Purpose Of The Study
- To evaluate the diagnostic and clinical question-answering abilities of ChatGPT-4 and Microsoft Copilot in pediatric surgery.
- To compare the performance of these artificial intelligence (AI) models against experienced pediatric surgeons.
- To assess the completeness and accuracy of AI-generated diagnostic recommendations.
Main Methods
- Utilized 13 complex clinical case vignettes of classic pediatric surgical diseases.
- Compared AI model responses (ChatGPT-4, Copilot) with those of a cohort of pediatric surgeons.
- Pediatric surgeons rated AI diagnostic recommendations; statistical analyses determined performance differences.
Main Results
- Pediatric surgeons achieved the highest performance score (68.8%), followed by ChatGPT-4 (52.1%) and Copilot (47.9%).

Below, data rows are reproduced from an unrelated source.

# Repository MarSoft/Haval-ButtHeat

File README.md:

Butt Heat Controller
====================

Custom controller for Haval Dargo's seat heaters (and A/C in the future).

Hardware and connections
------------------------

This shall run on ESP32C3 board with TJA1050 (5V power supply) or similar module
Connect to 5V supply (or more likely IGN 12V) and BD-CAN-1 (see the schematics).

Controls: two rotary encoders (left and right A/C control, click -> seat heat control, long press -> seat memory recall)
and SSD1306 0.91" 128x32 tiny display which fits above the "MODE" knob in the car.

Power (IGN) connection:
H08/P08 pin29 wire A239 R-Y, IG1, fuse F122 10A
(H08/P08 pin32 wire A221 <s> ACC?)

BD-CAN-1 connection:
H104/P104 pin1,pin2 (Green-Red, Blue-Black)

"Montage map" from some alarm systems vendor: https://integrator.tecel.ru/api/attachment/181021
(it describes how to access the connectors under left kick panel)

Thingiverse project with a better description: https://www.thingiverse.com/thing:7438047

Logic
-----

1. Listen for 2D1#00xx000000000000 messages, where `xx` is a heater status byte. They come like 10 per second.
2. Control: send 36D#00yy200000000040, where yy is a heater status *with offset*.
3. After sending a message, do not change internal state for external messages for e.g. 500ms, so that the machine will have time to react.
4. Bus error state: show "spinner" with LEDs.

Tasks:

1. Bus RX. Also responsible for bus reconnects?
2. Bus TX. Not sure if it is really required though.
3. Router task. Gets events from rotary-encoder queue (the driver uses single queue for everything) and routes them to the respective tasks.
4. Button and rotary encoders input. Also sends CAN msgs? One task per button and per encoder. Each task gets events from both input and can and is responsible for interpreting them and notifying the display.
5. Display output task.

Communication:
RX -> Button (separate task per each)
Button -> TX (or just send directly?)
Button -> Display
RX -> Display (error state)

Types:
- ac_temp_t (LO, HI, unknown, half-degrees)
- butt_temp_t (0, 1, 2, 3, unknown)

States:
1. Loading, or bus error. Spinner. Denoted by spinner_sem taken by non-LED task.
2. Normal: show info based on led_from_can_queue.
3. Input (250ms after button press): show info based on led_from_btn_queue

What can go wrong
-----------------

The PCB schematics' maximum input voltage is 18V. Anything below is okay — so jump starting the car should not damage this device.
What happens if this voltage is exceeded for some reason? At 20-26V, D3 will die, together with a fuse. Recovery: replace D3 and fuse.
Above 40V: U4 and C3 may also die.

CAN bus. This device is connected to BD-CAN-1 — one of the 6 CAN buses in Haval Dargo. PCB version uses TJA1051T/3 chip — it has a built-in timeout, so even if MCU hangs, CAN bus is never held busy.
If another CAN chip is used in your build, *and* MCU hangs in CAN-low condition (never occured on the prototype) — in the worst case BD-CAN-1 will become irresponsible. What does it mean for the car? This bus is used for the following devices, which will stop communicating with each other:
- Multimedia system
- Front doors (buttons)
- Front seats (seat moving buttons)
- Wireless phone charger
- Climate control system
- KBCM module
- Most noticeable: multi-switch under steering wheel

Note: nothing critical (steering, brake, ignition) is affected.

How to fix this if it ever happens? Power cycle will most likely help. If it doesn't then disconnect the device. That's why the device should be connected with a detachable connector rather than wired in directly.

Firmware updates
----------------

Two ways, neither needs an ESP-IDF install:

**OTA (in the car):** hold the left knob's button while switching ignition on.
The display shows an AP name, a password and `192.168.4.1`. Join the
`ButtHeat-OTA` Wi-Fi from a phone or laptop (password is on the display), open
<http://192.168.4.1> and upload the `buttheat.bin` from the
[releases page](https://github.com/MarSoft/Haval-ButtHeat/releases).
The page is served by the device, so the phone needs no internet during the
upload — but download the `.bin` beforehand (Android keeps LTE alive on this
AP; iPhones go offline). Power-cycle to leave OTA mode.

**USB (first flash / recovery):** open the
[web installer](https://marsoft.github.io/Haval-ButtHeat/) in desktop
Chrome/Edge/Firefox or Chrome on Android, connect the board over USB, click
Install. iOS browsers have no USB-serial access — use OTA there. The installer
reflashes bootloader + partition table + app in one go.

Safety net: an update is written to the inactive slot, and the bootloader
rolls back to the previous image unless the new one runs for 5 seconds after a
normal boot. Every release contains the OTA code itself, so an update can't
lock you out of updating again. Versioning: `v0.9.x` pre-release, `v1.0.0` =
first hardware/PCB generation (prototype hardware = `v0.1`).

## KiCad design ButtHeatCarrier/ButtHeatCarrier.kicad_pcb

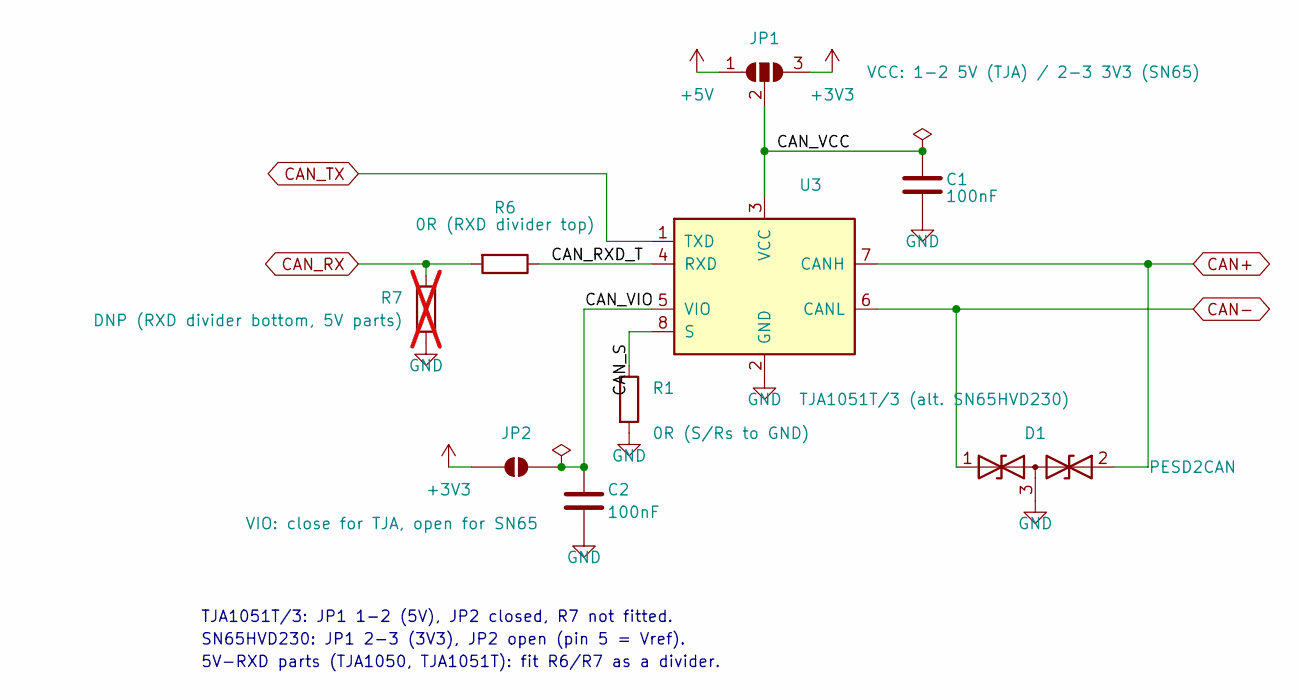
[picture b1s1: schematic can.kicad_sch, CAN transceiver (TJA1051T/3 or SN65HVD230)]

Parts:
C1, C2: 100nF; C_0603_1608Metric
D1: PESD2CAN; SOT-23
JP1: VCC: 1-2 5V (TJA) / 2-3 3V3 (SN65); SolderJumper-3_P1.3mm_Open_RoundedPad1.0x1.5mm
JP2: VIO: close for TJA, open for SN65; SolderJumper-2_P1.3mm_Open_RoundedPad1.0x1.5mm
R1: 0R (S/Rs to GND); R_0603_1608Metric
R6: 0R (RXD divider top); R_0603_1608Metric
R7: DNP (RXD divider bottom, 5V parts); R_0603_1608Metric; not fitted
U3: TJA1051T/3 (alt. SN65HVD230); SOIC-8_3.9x4.9mm_P1.27mm

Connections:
+3V3: JP1.3 (B), JP2.2 (B); also elsewhere on the board
+5V: JP1.1 (A); also elsewhere on the board
/CAN/CAN_RXD_T: R6.1, U3.4 (RXD)
/CAN/CAN_S: R1.1, U3.8 (S)
/CAN/CAN_VCC: C1.1, JP1.2 (C), U3.3 (VCC)
/CAN/CAN_VIO: C2.1, JP2.1 (A), U3.5 (VIO)
CAN+: D1.2 (A2), U3.7 (CANH); also elsewhere on the board
CAN-: D1.1 (A1), U3.6 (CANL); also elsewhere on the board
CAN_RX: R6.2, R7.1; also elsewhere on the board
CAN_TX: U3.1 (TXD); also elsewhere on the board
GND: C1.2, C2.2, D1.3 (common), R1.2, R7.2, U3.2 (GND); also elsewhere on the board

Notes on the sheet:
TJA1051T/3: JP1 1-2 (5V), JP2 closed, R7 not fitted.
SN65HVD230: JP1 2-3 (3V3), JP2 open (pin 5 = Vref).
5V-RXD parts (TJA1050, TJA1051T): fit R6/R7 as a divider.

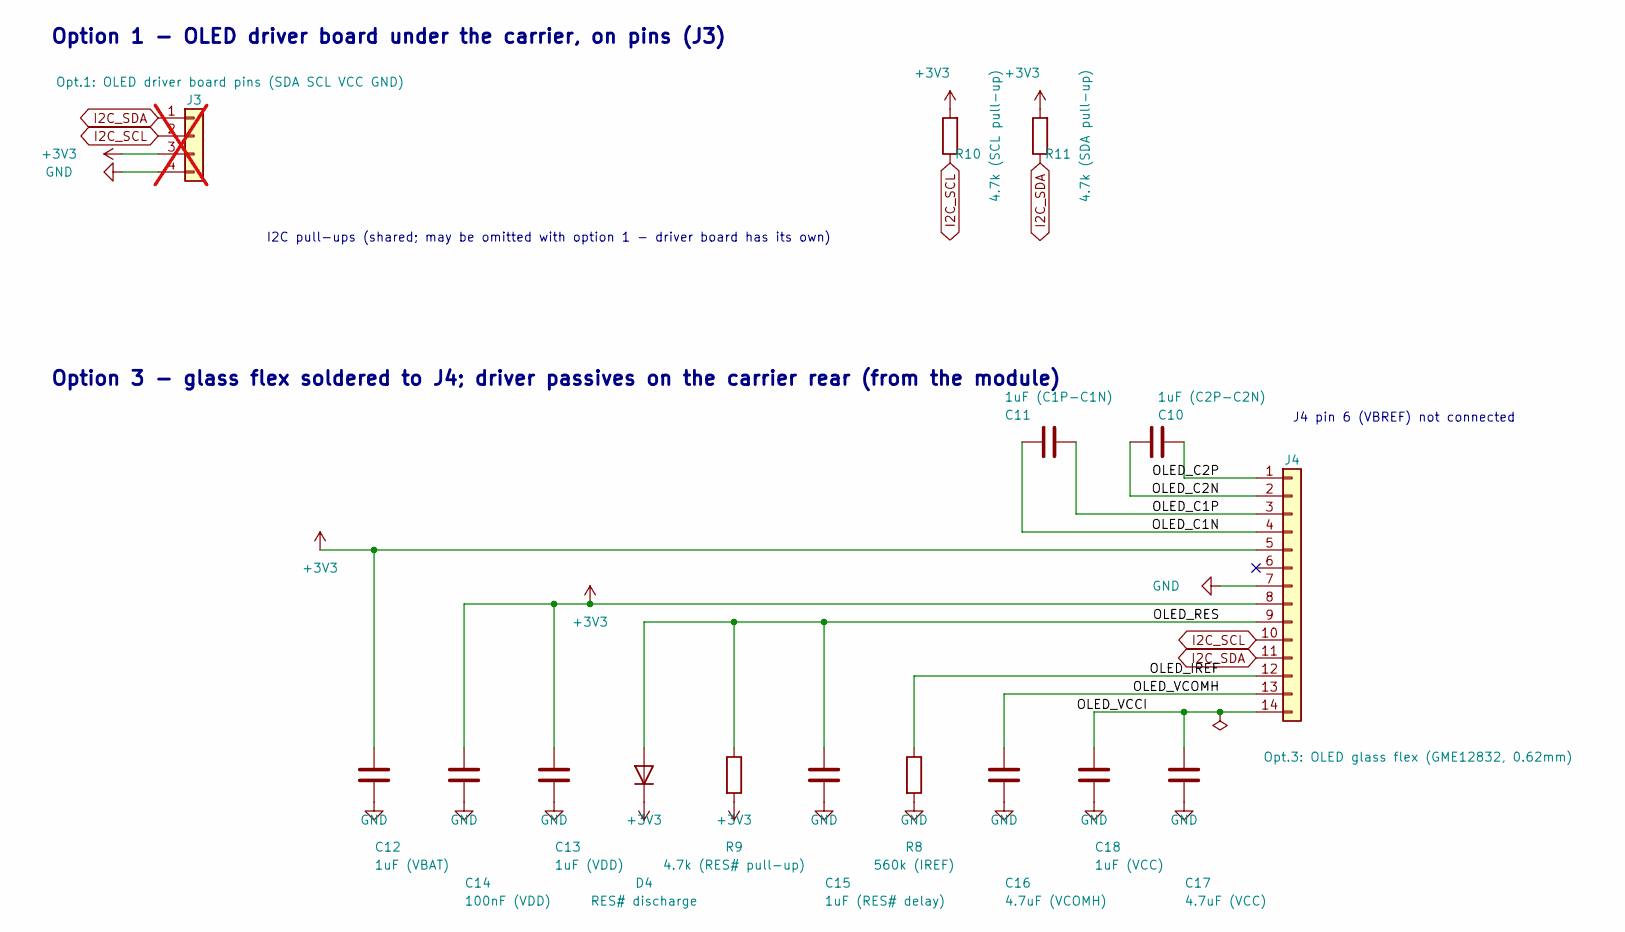
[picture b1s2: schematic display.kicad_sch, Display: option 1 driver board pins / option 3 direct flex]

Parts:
C10: 1uF (C2P-C2N); C_0603_1608Metric
C11: 1uF (C1P-C1N); C_0603_1608Metric
C12: 1uF (VBAT); C_0603_1608Metric
C13: 1uF (VDD); C_0603_1608Metric
C14: 100nF (VDD); C_0603_1608Metric
C15: 1uF (RES# delay); C_0603_1608Metric
C16: 4.7uF (VCOMH); C_0603_1608Metric
C17: 4.7uF (VCC); C_0603_1608Metric
C18: 1uF (VCC); C_0603_1608Metric
D4: RES# discharge; D_SOD-523
J3: Opt.1: OLED driver board pins (SDA SCL VCC GND); PinHeader_1x04_P2.54mm_Vertical; not fitted
J4: Opt.3: OLED glass flex (GME12832, 0.62mm); OLED_FPC_14P_P0.62mm
R8: 560k (IREF); R_0603_1608Metric
R9: 4.7k (RES# pull-up); R_0603_1608Metric
R10: 4.7k (SCL pull-up); R_0603_1608Metric
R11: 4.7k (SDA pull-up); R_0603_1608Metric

- Statistically significant performance differences were observed between AI models and human surgeons (p < 0.01).
- ChatGPT-4 showed superior differential diagnosis generation compared to Copilot (p < 0.05); AI recommendations were rated as average.
Conclusions
- Current AI models demonstrate significant limitations in accuracy and reliability for pediatric surgical clinical decision-making.
- While LLMs show promise, their current capabilities do not match experienced human surgeons in this specialized field.
- Further research and development are necessary to enhance AI performance and validate its clinical utility in pediatric surgery.